§ **RECORDS SHOWN**:
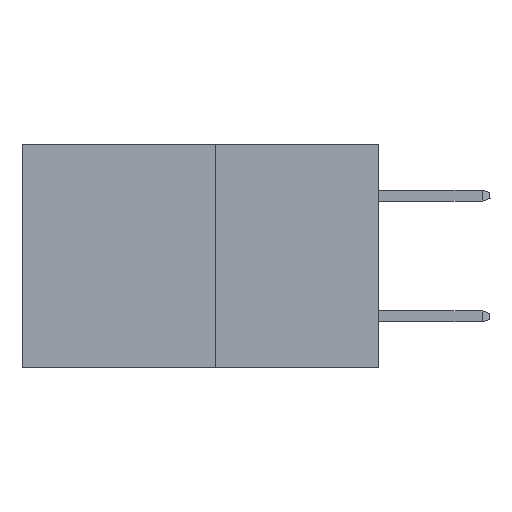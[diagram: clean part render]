
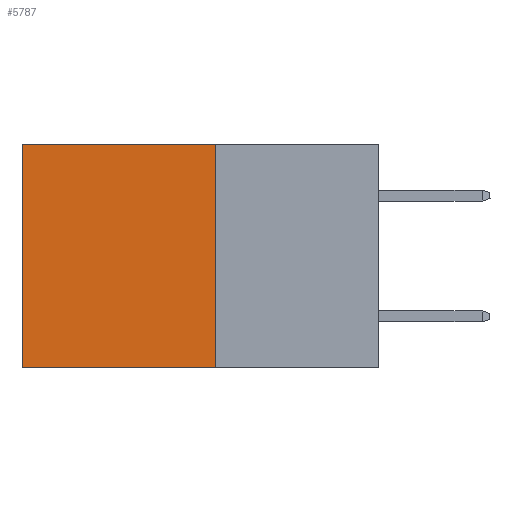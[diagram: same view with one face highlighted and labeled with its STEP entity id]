
A CAD part, left-side view. The second image highlights one B-rep face of the part: STEP entity #5787.
In plain terms, the highlighted planar face has unit normal (-1, 0, 0).
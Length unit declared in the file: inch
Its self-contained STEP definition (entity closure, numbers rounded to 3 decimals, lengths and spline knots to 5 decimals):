
#415 = VECTOR ( 'NONE', #6551, 39.37008 ) ;
#578 = DIRECTION ( 'NONE',  ( 0., 1., 0. ) ) ;
#1285 = CARTESIAN_POINT ( 'NONE',  ( 0.277, 0.27, 0. ) ) ;
#1679 = CARTESIAN_POINT ( 'NONE',  ( 0.277, 0.27, -0.37 ) ) ;
#2029 = VERTEX_POINT ( 'NONE', #1679 ) ;
#2259 = PLANE ( 'NONE',  #9248 ) ;
#3216 = VECTOR ( 'NONE', #12573, 39.37008 ) ;
#3651 = LINE ( 'NONE', #1285, #3216 ) ;
#4135 = DIRECTION ( 'NONE',  ( 0., 0., -1. ) ) ;
#4519 = LINE ( 'NONE', #9042, #7846 ) ;
#4800 = EDGE_CURVE ( 'NONE', #11929, #12669, #7880, .T. ) ;
#5039 = CARTESIAN_POINT ( 'NONE',  ( 0.277, 0.59, 0. ) ) ;
#5090 = DIRECTION ( 'NONE',  ( 0., 0., -1. ) ) ;
#5170 = ORIENTED_EDGE ( 'NONE', *, *, #9276, .F. ) ;
#5181 = LINE ( 'NONE', #13969, #15834 ) ;
#5787 = ADVANCED_FACE ( 'NONE', ( #17718 ), #2259, .F. ) ;
#5992 = EDGE_CURVE ( 'NONE', #16914, #11929, #3651, .T. ) ;
#6551 = DIRECTION ( 'NONE',  ( 0., 0., -1. ) ) ;
#6608 = EDGE_CURVE ( 'NONE', #16914, #2029, #5181, .T. ) ;
#6614 = CARTESIAN_POINT ( 'NONE',  ( 0.277, 0.59, -0.37 ) ) ;
#6946 = ORIENTED_EDGE ( 'NONE', *, *, #6608, .F. ) ;
#7846 = VECTOR ( 'NONE', #578, 39.37008 ) ;
#7880 = LINE ( 'NONE', #6614, #415 ) ;
#9042 = CARTESIAN_POINT ( 'NONE',  ( 0.277, 0.27, -0.37 ) ) ;
#9248 = AXIS2_PLACEMENT_3D ( 'NONE', #12153, #13526, #5090 ) ;
#9276 = EDGE_CURVE ( 'NONE', #2029, #12669, #4519, .T. ) ;
#10007 = CARTESIAN_POINT ( 'NONE',  ( 0.277, 0.27, 0. ) ) ;
#11929 = VERTEX_POINT ( 'NONE', #5039 ) ;
#12153 = CARTESIAN_POINT ( 'NONE',  ( 0.277, 0.27, -0.37 ) ) ;
#12573 = DIRECTION ( 'NONE',  ( 0., 1., 0. ) ) ;
#12669 = VERTEX_POINT ( 'NONE', #16511 ) ;
#13526 = DIRECTION ( 'NONE',  ( 1., 0., 0. ) ) ;
#13969 = CARTESIAN_POINT ( 'NONE',  ( 0.277, 0.27, -0.37 ) ) ;
#14355 = EDGE_LOOP ( 'NONE', ( #17466, #5170, #6946, #14597 ) ) ;
#14597 = ORIENTED_EDGE ( 'NONE', *, *, #5992, .T. ) ;
#15834 = VECTOR ( 'NONE', #4135, 39.37008 ) ;
#16511 = CARTESIAN_POINT ( 'NONE',  ( 0.277, 0.59, -0.37 ) ) ;
#16914 = VERTEX_POINT ( 'NONE', #10007 ) ;
#17466 = ORIENTED_EDGE ( 'NONE', *, *, #4800, .T. ) ;
#17718 = FACE_OUTER_BOUND ( 'NONE', #14355, .T. ) ;

§ **INSTRUCTIONS TO FOLLOW**:
Lines containing the word "unit" must be found in the data above and copied.

§ **OUTPUT FOR THIS TASK**:
In plain terms, the highlighted planar face has unit normal (-1, 0, 0).
Length unit declared in the file: inch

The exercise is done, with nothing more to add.